Well, of course Cy Libby was the modern day Thomas Edison and in the 1980s, he came out with a single piece of flared hearing aid tubing that flared from 2 mm to about 4 mm. This doubling of the internal diameter resulted in 6 dB of free amplification above F=v/2L.
So let’s do some math… including the part of the acoustical tubing that is within the hearing aid that joins the receiver to the shell of the aid, plus the ear hook for behind the ear style hearing aids, and the length of the tubing that joins the hearing aid to the ear mold, we have a total length of 75 mm. The start frequency of the high frequency enhancement would be F=340,000mm/sec/2 x 75 mm = 2266 Hz. So, the gain of all frequencies above 2266 Hz is enhanced by the Libby horn. What about the amplification factor… how much free gain do we get? This is 10log(π(4)/ π(1)) = 10log4 = 20log2 = 6 dB.

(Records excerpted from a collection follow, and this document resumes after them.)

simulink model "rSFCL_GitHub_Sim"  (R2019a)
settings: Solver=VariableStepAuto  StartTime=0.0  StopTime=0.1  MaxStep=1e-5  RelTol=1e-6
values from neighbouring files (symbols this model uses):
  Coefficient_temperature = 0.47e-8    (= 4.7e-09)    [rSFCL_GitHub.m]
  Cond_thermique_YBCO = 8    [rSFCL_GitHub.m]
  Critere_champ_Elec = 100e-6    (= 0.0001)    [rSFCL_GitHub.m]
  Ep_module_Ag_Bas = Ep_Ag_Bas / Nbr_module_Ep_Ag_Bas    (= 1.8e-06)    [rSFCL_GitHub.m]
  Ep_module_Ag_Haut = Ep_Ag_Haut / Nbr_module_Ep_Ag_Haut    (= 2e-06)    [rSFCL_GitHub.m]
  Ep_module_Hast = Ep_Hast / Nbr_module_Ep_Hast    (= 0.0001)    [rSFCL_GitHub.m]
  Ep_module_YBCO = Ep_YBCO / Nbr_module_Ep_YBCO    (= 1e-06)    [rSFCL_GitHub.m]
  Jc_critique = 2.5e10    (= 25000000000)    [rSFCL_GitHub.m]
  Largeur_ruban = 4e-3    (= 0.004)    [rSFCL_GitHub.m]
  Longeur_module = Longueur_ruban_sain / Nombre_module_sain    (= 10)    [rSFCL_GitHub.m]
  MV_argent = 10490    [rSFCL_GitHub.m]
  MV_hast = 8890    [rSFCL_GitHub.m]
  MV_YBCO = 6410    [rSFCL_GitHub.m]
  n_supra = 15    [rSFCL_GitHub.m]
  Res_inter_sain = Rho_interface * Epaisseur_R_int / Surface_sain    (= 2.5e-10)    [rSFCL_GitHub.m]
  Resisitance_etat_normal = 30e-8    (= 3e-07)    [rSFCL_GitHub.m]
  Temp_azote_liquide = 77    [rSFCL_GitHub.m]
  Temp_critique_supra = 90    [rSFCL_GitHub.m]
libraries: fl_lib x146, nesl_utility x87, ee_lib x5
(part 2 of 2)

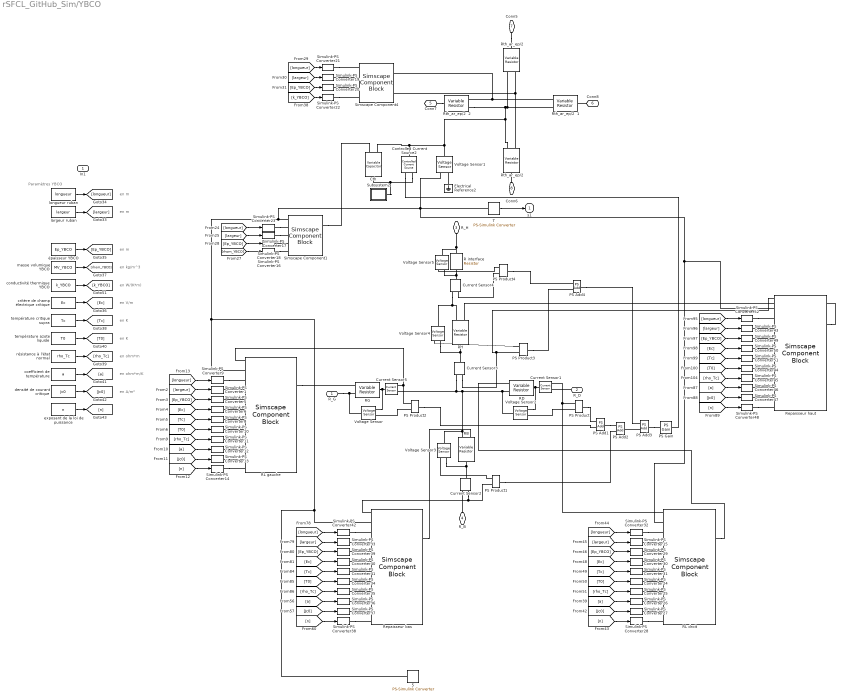
== system rSFCL_GitHub_Sim/YBCO  ==
  note: en ohm*m
  note: en m
  note: en kg/m^3
  note: en K
  note: Paramètres YBCO
  note: en K
  note: en V/m
  note: en W/(K*m)
  note: en m
  note: en m
  note: en ohm*m/K
  note: en A/m²
  In1 : Inport
  "    5" : nesl_utility/PS-Simulink Converter  PhysicalDomain=network_engine_domain  SubClassName=ps_output  LeftPortType=input  RightPortType=output  PseudoPeriodic=off  Frequencies=[]  Unit=1  AffineConversion=off
  Controlled Current Source2 : fl_lib/Electrical/Electrical Sources/Controlled Current Source
  Cth : ee_lib/Passive/Variable Capacitor  prm=2  Cmin=1e-9 F  r=1e-6 Ohm  v0=0 V  q0=0 C
      settings: SourceProductName=Simscape Electrical  SourceProductBaseCode=PS
  Current Sensor{1..5} (5 alike) : fl_lib/Electrical/Electrical Sensors/Current Sensor
  Electrical Reference2 : fl_lib/Electrical/Electrical Elements/Electrical Reference
  PS Add{1..4} (4 alike) : fl_lib/Physical Signals/Functions/PS Add
  PS Gain : fl_lib/Physical Signals/Functions/PS Gain  gain=1 1/V
  PS Product{,1..4} (5 alike) : fl_lib/Physical Signals/Functions/PS Product
      settings: SourceProductName=Simscape
  R interface : ee_lib/Passive/Resistor  R=Res_inter_sain Ohm  R_tol=5  enable_R_tol=0  tol_distribution=1  nSigma=4  enable_operating_limits=0  operating_limit_action=2  max_working_voltage=100 V  power_rating=1 W  enable_faults=0  fault_action=1  R_faulted=inf Ohm  enable_temporal_fault=0  t_fault=1 s  enable_behavioral_fault=0  max_permissible_current=1 A  t_fail_on_current=1 s  noise_mode=0  sample_time=1e-3 s  repeatability=1  auto_seed=3691276595  user_seed=0  Tdevice=25 degC  alpha=3.93e-3 1/K  Tmeas=25 degC  thermal_mass=100 J/K  power_derating_T1=70 degC  power_derating_T2=155 degC  operating_temperature_range_vec=[-50, 150] degC  temperature_specify=off  temperature_priority=High  temperature=298.15 K  temperature_nominal_specify=off  temperature_nominal_unit=K  temperature_nominal_value=1
      settings: SourceProductName=Simscape Electrical
  RB : fl_lib/Electrical/Electrical Elements/Variable Resistor  Rmin=RY Ohm  i_specify=off  i_priority=None  i=500 A  i_nominal_specify=off  i_nominal_unit=A  i_nominal_value=1  v_specify=off  v_priority=None  v=0 V  v_nominal_specify=off  v_nominal_unit=V  v_nominal_value=1
  RD : fl_lib/Electrical/Electrical Elements/Variable Resistor  Rmin=RY Ohm  i_specify=off  i_priority=None  i=500 A  i_nominal_specify=off  i_nominal_unit=A  i_nominal_value=1  v_specify=off  v_priority=None  v=0 V  v_nominal_specify=off  v_nominal_unit=V  v_nominal_value=1
  RG : fl_lib/Electrical/Electrical Elements/Variable Resistor  Rmin=RY Ohm  i_specify=off  i_priority=None  i=500 A  i_nominal_specify=off  i_nominal_unit=A  i_nominal_value=1  v_specify=off  v_priority=None  v=0 V  v_nominal_specify=off  v_nominal_unit=V  v_nominal_value=1
  RH : fl_lib/Electrical/Electrical Elements/Variable Resistor  Rmin=RY Ohm  i_specify=off  i_priority=None  i=500 A  i_nominal_specify=off  i_nominal_unit=A  i_nominal_value=1  v_specify=off  v_priority=None  v=0 V  v_nominal_specify=off  v_nominal_unit=V  v_nominal_value=1
  RL droit : SimscapeComponentBlock  SourceFile=Res_Elec_YBCO_L  ComponentPath=Res_Elec_YBCO_L  ComponentVariants=Res_Elec_YBCO_L  ComponentVariantNames=Res_Elec_YBCO_L  ClassName=Res_Elec_YBCO_L  SchemaVersion=1
      settings: CopyFcn=simscape.engine.sli.internal.componentblockcallback(gcbh,'COPY')  PreCopyFcn=simscape.engine.sli.internal.componentblockcallback(gcbh,'PRECOPY')  PreDeleteFcn=simscape.engine.sli.internal.componentblockcallback(gcbh,'PREDELETE')
      mask Type: UseFunction1
  RL gauche : SimscapeComponentBlock  SourceFile=Res_Elec_YBCO_L  ComponentPath=Res_Elec_YBCO_L  ComponentVariants=Res_Elec_YBCO_L  ComponentVariantNames=Res_Elec_YBCO_L  ClassName=Res_Elec_YBCO_L  SchemaVersion=1
      settings: CopyFcn=simscape.engine.sli.internal.componentblockcallback(gcbh,'COPY')  PreCopyFcn=simscape.engine.sli.internal.componentblockcallback(gcbh,'PRECOPY')  PreDeleteFcn=simscape.engine.sli.internal.componentblockcallback(gcbh,'PREDELETE')
      mask Type: UseFunction1
  Repaisseur bas : SimscapeComponentBlock  SourceFile=Res_Elec_YBCO_Ep  ComponentPath=Res_Elec_YBCO_Ep  ComponentVariants=Res_Elec_YBCO_Ep  ComponentVariantNames=Res_Elec_YBCO_Ep  ClassName=Res_Elec_YBCO_Ep  SchemaVersion=1
      settings: CopyFcn=simscape.engine.sli.internal.componentblockcallback(gcbh,'COPY')  PreCopyFcn=simscape.engine.sli.internal.componentblockcallback(gcbh,'PRECOPY')  PreDeleteFcn=simscape.engine.sli.internal.componentblockcallback(gcbh,'PREDELETE')
      mask Type: UseFunction1
  Repaisseur haut : SimscapeComponentBlock  SourceFile=Res_Elec_YBCO_Ep  ComponentPath=Res_Elec_YBCO_Ep  ComponentVariants=Res_Elec_YBCO_Ep  ComponentVariantNames=Res_Elec_YBCO_Ep  ClassName=Res_Elec_YBCO_Ep  SchemaVersion=1
      settings: CopyFcn=simscape.engine.sli.internal.componentblockcallback(gcbh,'COPY')  PreCopyFcn=simscape.engine.sli.internal.componentblockcallback(gcbh,'PRECOPY')  PreDeleteFcn=simscape.engine.sli.internal.componentblockcallback(gcbh,'PREDELETE')
      mask Type: UseFunction1
  "Rth_ar_ep/2  " : fl_lib/Electrical/Electrical Elements/Variable Resistor  Rmin=RY Ohm  i_specify=off  i_priority=None  i=500 A  i_nominal_specify=off  i_nominal_unit=A  i_nominal_value=1  v_specify=off  v_priority=None  v=0 V  v_nominal_specify=off  v_nominal_unit=V  v_nominal_value=1
  "Rth_ar_ep/2    " : fl_lib/Electrical/Electrical Elements/Variable Resistor  Rmin=RY Ohm  i_specify=off  i_priority=None  i=500 A  i_nominal_specify=off  i_nominal_unit=A  i_nominal_value=1  v_specify=off  v_priority=None  v=0 V  v_nominal_specify=off  v_nominal_unit=V  v_nominal_value=1
  Rth_ar_ep/2  1 : fl_lib/Electrical/Electrical Elements/Variable Resistor  Rmin=RY Ohm  i_specify=off  i_priority=None  i=500 A  i_nominal_specify=off  i_nominal_unit=A  i_nominal_value=1  v_specify=off  v_priority=None  v=0 V  v_nominal_specify=off  v_nominal_unit=V  v_nominal_value=1
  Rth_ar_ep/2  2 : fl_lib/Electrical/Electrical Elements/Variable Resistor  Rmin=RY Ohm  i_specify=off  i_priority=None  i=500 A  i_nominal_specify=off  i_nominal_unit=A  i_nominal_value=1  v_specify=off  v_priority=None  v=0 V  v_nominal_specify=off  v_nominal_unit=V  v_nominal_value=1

So an acoustic horn that is 75 mm long enhances the amplification of all sounds over 2266 Hz by up to 6 dB. The dimensions of my Edison-inspired Christmas gift has an amplification factor of 12 dB! My fiancée and I spent a lovely evening in front of a romantic fireplace with a glass of wine calculating this.
Well other than romance, what are some other benefits of acoustical amplification for today’s thin-tube hearing aids? Doing the math again, we see that a thin tube with an internal diameter of 1 mm, if we flared it slightly to 2 mm (placing a small piece of #13 tubing over the end of the thin tube that protrudes into the ear canal), we also calculate a 6 dB high frequency advantage!
That is, any doubling of the internal diameter will provide 6 dB of free amplification- it doesn’t matter whether it flares from 2 mm to 4 mm or from 1 mm to 2 mm.
I say “free amplification” because for this 6 dB of high frequency amplification, this does not affect battery life (it occurs after the hearing aid circuitry) and maintains the headroom between the OSPL90 curve and the gain curve. Even in modern day fittings of behind the ear style hearing aids (non-occluding or not), there are some clear advantages in making acoustical modifications rather than some electrical ones.
Acoustic modifications and calculations can have some great benefits, and these include romance in front of fireplaces, free high frequency amplification, better battery life, and maintenance of head room.
I may be 58, but let’s not forget the advantages of acoustics in today’s modern music recordings and hearing aid fittings. And don’t even get me started on the advantages of analog circuitry over digital when it comes to amplified music!